BEGIN DATA FOR THIS EXERCISE

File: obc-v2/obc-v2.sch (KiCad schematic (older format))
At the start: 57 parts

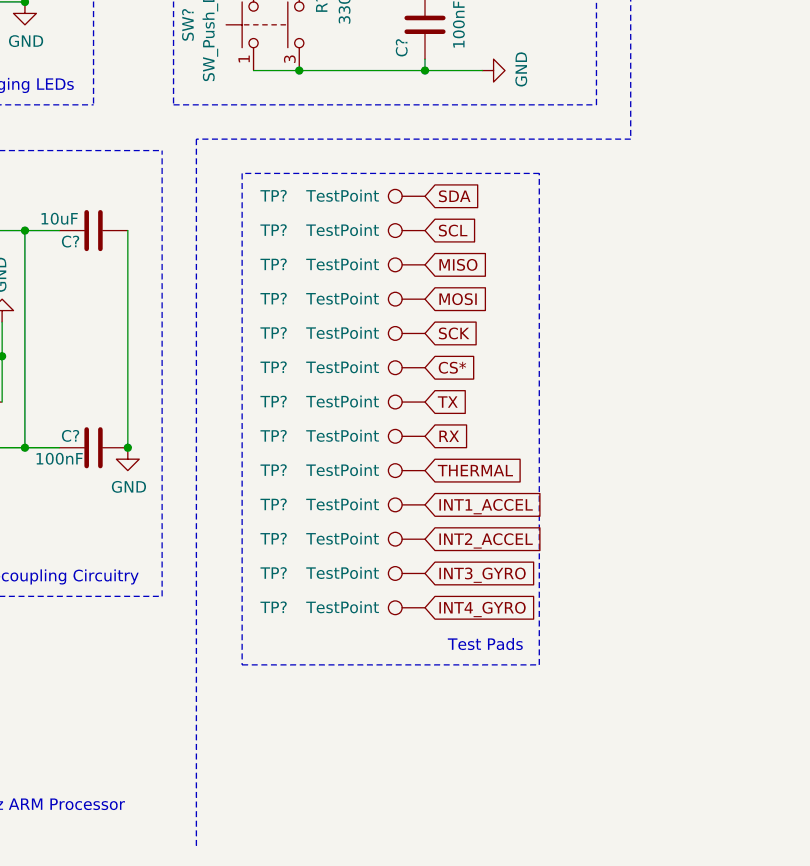
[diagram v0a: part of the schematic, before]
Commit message: obc-v2: Add test pads
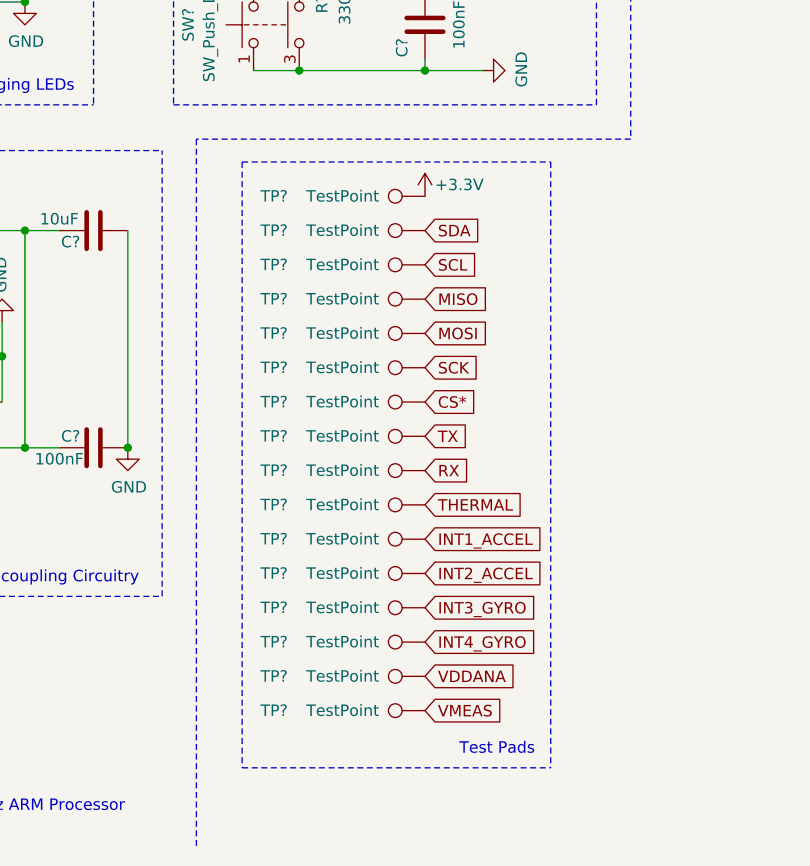
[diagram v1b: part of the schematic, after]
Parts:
- added TP? (x3): TestPoint, symbol Connector:TestPoint
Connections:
- net +3V3: now also TP?.1
- net VDDANA: now also TP?.1
- net VMEAS: now also TP?.1
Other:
- moved on the sheet: TP?
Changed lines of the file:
@@
 L Connector:TestPoint TP?
 U 1 1 6165481C
+P 4200 5100
+F 0 "TP?" V 4200 5700 50  0000 L CNN
+F 1 "TestPoint" V 4200 5300 50  0000 L CNN
+F 2 "" H 4400 5100 50  0001 C CNN
+F 3 "" H 4400 5100 50  0001 C CNN
+	1    4200 5100
+	0    -1   -1   0
+$EndComp
+Text GLabel 4200 5100 2    50   Input ~ 0
+SDA
+$Comp
+L Connector:TestPoint TP?
+U 1 1 616A4E70
+P 4200 5250
+F 0 "TP?" V 4200 5850 50  0000 L CNN
+F 1 "TestPoint" V 4200 5450 50  0000 L CNN
+F 2 "" H 4400 5250 50  0001 C CNN
+F 3 "" H 4400 5250 50  0001 C CNN
+	1    4200 5250
+	0    -1   -1   0
+$EndComp
+Text GLabel 4200 5250 2    50   Input ~ 0
+SCL
+$Comp
+L Connector:TestPoint TP?
+U 1 1 616A8E8A
+P 4200 5400
+F 0 "TP?" V 4200 6000 50  0000 L CNN
+F 1 "TestPoint" V 4200 5600 50  0000 L CNN
+F 2 "" H 4400 5400 50  0001 C CNN
+F 3 "" H 4400 5400 50  0001 C CNN
+	1    4200 5400
+	0    -1   -1   0
+$EndComp
+Text GLabel 4200 5400 2    50   Input ~ 0
+MISO
+$Comp
+L Connector:TestPoint TP?
+U 1 1 616A8E91
+P 4200 5550
+F 0 "TP?" V 4200 6150 50  0000 L CNN
+F 1 "TestPoint" V 4200 5750 50  0000 L CNN
+F 2 "" H 4400 5550 50  0001 C CNN
+F 3 "" H 4400 5550 50  0001 C CNN
+	1    4200 5550
+	0    -1   -1   0
+$EndComp
+Text GLabel 4200 5550 2    50   Input ~ 0
+MOSI
+$Comp
+L Connector:TestPoint TP?
+U 1 1 616AD625
+P 4200 5700
+F 0 "TP?" V 4200 6300 50  0000 L CNN
+F 1 "TestPoint" V 4200 5900 50  0000 L CNN
+F 2 "" H 4400 5700 50  0001 C CNN
+F 3 "" H 4400 5700 50  0001 C CNN
+	1    4200 5700
+	0    -1   -1   0
+$EndComp
+Text GLabel 4200 5700 2    50   Input ~ 0
+SCK
+$Comp
+L Connector:TestPoint TP?
+U 1 1 616AD62C
+P 4200 5850
+F 0 "TP?" V 4200 6450 50  0000 L CNN
+F 1 "TestPoint" V 4200 6050 50  0000 L CNN
+F 2 "" H 4400 5850 50  0001 C CNN
+F 3 "" H 4400 5850 50  0001 C CNN
+	1    4200 5850
+	0    -1   -1   0
+$EndComp
+Text GLabel 4200 5850 2    50   Input ~ 0
+CS*
+$Comp
+L Connector:TestPoint TP?
+U 1 1 616AD633
+P 4200 6000
+F 0 "TP?" V 4200 6600 50  0000 L CNN
+F 1 "TestPoint" V 4200 6200 50  0000 L CNN
+F 2 "" H 4400 6000 50  0001 C CNN
+F 3 "" H 4400 6000 50  0001 C CNN
+	1    4200 6000
+	0    -1   -1   0
+$EndComp
+Text GLabel 4200 6000 2    50   Input ~ 0
+TX
+$Comp
+L Connector:TestPoint TP?
+U 1 1 616AD63A
+P 4200 6150
+F 0 "TP?" V 4200 6750 50  0000 L CNN
+F 1 "TestPoint" V 4200 6350 50  0000 L CNN
+F 2 "" H 4400 6150 50  0001 C CNN
+F 3 "" H 4400 6150 50  0001 C CNN
+	1    4200 6150
+	0    -1   -1   0
+$EndComp
+Text GLabel 4200 6150 2    50   Input ~ 0
+RX
+$Comp
+L Connector:TestPoint TP?
+U 1 1 616B2BB2
+P 4200 6300
+F 0 "TP?" V 4200 6900 50  0000 L CNN
+F 1 "TestPoint" V 4200 6500 50  0000 L CNN
+F 2 "" H 4400 6300 50  0001 C CNN
+F 3 "" H 4400 6300 50  0001 C CNN
+	1    4200 6300
+	0    -1   -1   0
+$EndComp
+Text GLabel 4200 6300 2    50   Input ~ 0
+THERMAL
+$Comp
+L Connector:TestPoint TP?
+U 1 1 616B2BB9
+P 4200 6450
+F 0 "TP?" V 4200 7050 50  0000 L CNN
+F 1 "TestPoint" V 4200 6650 50  0000 L CNN
+F 2 "" H 4400 6450 50  0001 C CNN
+F 3 "" H 4400 6450 50  0001 C CNN
+	1    4200 6450
+	0    -1   -1   0
+$EndComp
+Text GLabel 4200 6450 2    50   Input ~ 0
+INT1_ACCEL
+$Comp
+L Connector:TestPoint TP?
+U 1 1 616B2BC0
+P 4200 6600
+F 0 "TP?" V 4200 7200 50  0000 L CNN
+F 1 "TestPoint" V 4200 6800 50  0000 L CNN
+F 2 "" H 4400 6600 50  0001 C CNN
+F 3 "" H 4400 6600 50  0001 C CNN
+	1    4200 6600
+	0    -1   -1   0
+$EndComp
+Text GLabel 4200 6600 2    50   Input ~ 0
+INT2_ACCEL
+$Comp
+L Connector:TestPoint TP?
+U 1 1 616B2BC7
+P 4200 6750
+F 0 "TP?" V 4200 7350 50  0000 L CNN
+F 1 "TestPoint" V 4200 6950 50  0000 L CNN
+F 2 "" H 4400 6750 50  0001 C CNN
+F 3 "" H 4400 6750 50  0001 C CNN
+	1    4200 6750
+	0    -1   -1   0
+$EndComp
+Text GLabel 4200 6750 2    50   Input ~ 0
+INT3_GYRO
+$Comp
+L Connector:TestPoint TP?
+U 1 1 616B2BCE
+P 4200 6900
+F 0 "TP?" V 4200 7500 50  0000 L CNN
+F 1 "TestPoint" V 4200 7100 50  0000 L CNN
+F 2 "" H 4400 6900 50  0001 C CNN
+F 3 "" H 4400 6900 50  0001 C CNN
+	1    4200 6900
+	0    -1   -1   0
+$EndComp
+Text GLabel 4200 6900 2    50   Input ~ 0
+INT4_GYRO
+Text Notes 4350 7400 0    50   ~ 0
+Test Pads
+$Comp
+L Connector:TestPoint TP?
+U 1 1 61552B8D
 P 4200 4950
 F 0 "TP?" V 4200 5550 50  0000 L CNN
@@
 	0    -1   -1   0
 $EndComp
-Text GLabel 4200 4950 2    50   Input ~ 0
-SDA
-$Comp
-L Connector:TestPoint TP?
-U 1 1 616A4E70
-P 4200 5100
-F 0 "TP?" V 4200 5700 50  0000 L CNN
-F 1 "TestPoint" V 4200 5300 50  0000 L CNN
-F 2 "" H 4400 5100 50  0001 C CNN
-F 3 "" H 4400 5100 50  0001 C CNN
-	1    4200 5100
-	0    -1   -1   0
-$EndComp
-Text GLabel 4200 5100 2    50   Input ~ 0
-SCL
-$Comp
-L Connector:TestPoint TP?
-U 1 1 616A8E8A
-P 4200 5250
-F 0 "TP?" V 4200 5850 50  0000 L CNN
-F 1 "TestPoint" V 4200 5450 50  0000 L CNN
-F 2 "" H 4400 5250 50  0001 C CNN
-F 3 "" H 4400 5250 50  0001 C CNN
-	1    4200 5250
-	0    -1   -1   0
-$EndComp
-Text GLabel 4200 5250 2    50   Input ~ 0
-MISO
-$Comp
-L Connector:TestPoint TP?
-U 1 1 616A8E91
-P 4200 5400
-F 0 "TP?" V 4200 6000 50  0000 L CNN
-F 1 "TestPoint" V 4200 5600 50  0000 L CNN
-F 2 "" H 4400 5400 50  0001 C CNN
-F 3 "" H 4400 5400 50  0001 C CNN
-	1    4200 5400
-	0    -1   -1   0
-$EndComp
-Text GLabel 4200 5400 2    50   Input ~ 0
-MOSI
-$Comp
-L Connector:TestPoint TP?
-U 1 1 616AD625
-P 4200 5550
-F 0 "TP?" V 4200 6150 50  0000 L CNN
-F 1 "TestPoint" V 4200 5750 50  0000 L CNN
-F 2 "" H 4400 5550 50  0001 C CNN
-F 3 "" H 4400 5550 50  0001 C CNN
-	1    4200 5550
-	0    -1   -1   0
-$EndComp
-Text GLabel 4200 5550 2    50   Input ~ 0
-SCK
-$Comp
-L Connector:TestPoint TP?
-U 1 1 616AD62C
-P 4200 5700
-F 0 "TP?" V 4200 6300 50  0000 L CNN
-F 1 "TestPoint" V 4200 5900 50  0000 L CNN
-F 2 "" H 4400 5700 50  0001 C CNN
-F 3 "" H 4400 5700 50  0001 C CNN
-	1    4200 5700
-	0    -1   -1   0
-$EndComp
-Text GLabel 4200 5700 2    50   Input ~ 0
-CS*
-$Comp
-L Connector:TestPoint TP?
-U 1 1 616AD633
-P 4200 5850
-F 0 "TP?" V 4200 6450 50  0000 L CNN
-F 1 "TestPoint" V 4200 6050 50  0000 L CNN
-F 2 "" H 4400 5850 50  0001 C CNN
-F 3 "" H 4400 5850 50  0001 C CNN
-	1    4200 5850
-	0    -1   -1   0
-$EndComp
-Text GLabel 4200 5850 2    50   Input ~ 0
-TX
-$Comp
-L Connector:TestPoint TP?
-U 1 1 616AD63A
-P 4200 6000
-F 0 "TP?" V 4200 6600 50  0000 L CNN
-F 1 "TestPoint" V 4200 6200 50  0000 L CNN
-F 2 "" H 4400 6000 50  0001 C CNN
-F 3 "" H 4400 6000 50  0001 C CNN
-	1    4200 6000
-	0    -1   -1   0
-$EndComp
-Text GLabel 4200 6000 2    50   Input ~ 0
-RX
-$Comp
-L Connector:TestPoint TP?
-U 1 1 616B2BB2
-P 4200 6150
-F 0 "TP?" V 4200 6750 50  0000 L CNN
-F 1 "TestPoint" V 4200 6350 50  0000 L CNN
-F 2 "" H 4400 6150 50  0001 C CNN
-F 3 "" H 4400 6150 50  0001 C CNN
-	1    4200 6150
-	0    -1   -1   0
-$EndComp
-Text GLabel 4200 6150 2    50   Input ~ 0
-THERMAL
-$Comp
-L Connector:TestPoint TP?
-U 1 1 616B2BB9
-P 4200 6300
-F 0 "TP?" V 4200 6900 50  0000 L CNN
-F 1 "TestPoint" V 4200 6500 50  0000 L CNN
-F 2 "" H 4400 6300 50  0001 C CNN
-F 3 "" H 4400 6300 50  0001 C CNN
-	1    4200 6300
-	0    -1   -1   0
-$EndComp
-Text GLabel 4200 6300 2    50   Input ~ 0
-INT1_ACCEL
-$Comp
-L Connector:TestPoint TP?
-U 1 1 616B2BC0
-P 4200 6450
-F 0 "TP?" V 4200 7050 50  0000 L CNN
-F 1 "TestPoint" V 4200 6650 50  0000 L CNN
-F 2 "" H 4400 6450 50  0001 C CNN
-F 3 "" H 4400 6450 50  0001 C CNN
-	1    4200 6450
-	0    -1   -1   0
-$EndComp
-Text GLabel 4200 6450 2    50   Input ~ 0
-INT2_ACCEL
-$Comp
-L Connector:TestPoint TP?
-U 1 1 616B2BC7
-P 4200 6600
-F 0 "TP?" V 4200 7200 50  0000 L CNN
-F 1 "TestPoint" V 4200 6800 50  0000 L CNN
-F 2 "" H 4400 6600 50  0001 C CNN
-F 3 "" H 4400 6600 50  0001 C CNN
-	1    4200 6600
-	0    -1   -1   0
-$EndComp
-Text GLabel 4200 6600 2    50   Input ~ 0
-INT3_GYRO
-$Comp
-L Connector:TestPoint TP?
-U 1 1 616B2BCE
-P 4200 6750
-F 0 "TP?" V 4200 7350 50  0000 L CNN
-F 1 "TestPoint" V 4200 6950 50  0000 L CNN
-F 2 "" H 4400 6750 50  0001 C CNN
-F 3 "" H 4400 6750 50  0001 C CNN
-	1    4200 6750
-	0    -1   -1   0
-$EndComp
-Text GLabel 4200 6750 2    50   Input ~ 0
-INT4_GYRO
-Text Notes 4300 6950 0    50   ~ 0
-Test Pads
-Wire Notes Line
-	4700 7000 4700 4850
-Wire Notes Line
-	4700 4850 3400 4850
-Wire Notes Line
-	3400 4850 3400 7000
-Wire Notes Line
-	3400 7000 4700 7000
+$Comp
+L Connector:TestPoint TP?
+U 1 1 61552B94
+P 4200 7050
+F 0 "TP?" V 4200 7650 50  0000 L CNN
+F 1 "TestPoint" V 4200 7250 50  0000 L CNN
+F 2 "" H 4400 7050 50  0001 C CNN
+F 3 "" H 4400 7050 50  0001 C CNN
+	1    4200 7050
+	0    -1   -1   0
+$EndComp
+Text GLabel 4200 7050 2    50   Input ~ 0
+VDDANA
+$Comp
+L Connector:TestPoint TP?
+U 1 1 61552B9B
+P 4200 7200
+F 0 "TP?" V 4200 7800 50  0000 L CNN
+F 1 "TestPoint" V 4200 7400 50  0000 L CNN
+F 2 "" H 4400 7200 50  0001 C CNN
+F 3 "" H 4400 7200 50  0001 C CNN
+	1    4200 7200
+	0    -1   -1   0
+$EndComp
+Text GLabel 4200 7200 2    50   Input ~ 0
+VMEAS
+$Comp
+L obc-v2-rescue:+3.3V-power #PWR?
+U 1 1 6155F497
+P 4200 4950
+F 0 "#PWR?" H 4200 4800 50  0001 C CNN
+F 1 "+3.3V" H 4350 5000 50  0000 C CNN
+F 2 "" H 4200 4950 50  0001 C CNN
+F 3 "" H 4200 4950 50  0001 C CNN
+	1    4200 4950
+	1    0    0    -1
+$EndComp
+Wire Notes Line
+	3400 4800 4750 4800
+Wire Notes Line
+	4750 4800 4750 7450
+Wire Notes Line
+	3400 7450 4750 7450
+Wire Notes Line
+	3400 4800 3400 7450
 $EndSCHEMATC

END DATA FOR THIS EXERCISE

● EXERCISE AIM: Within the records above, work out on how many lines the string "schematic" appears, and give only that number.

● ANSWER TO THIS EXERCISE: 3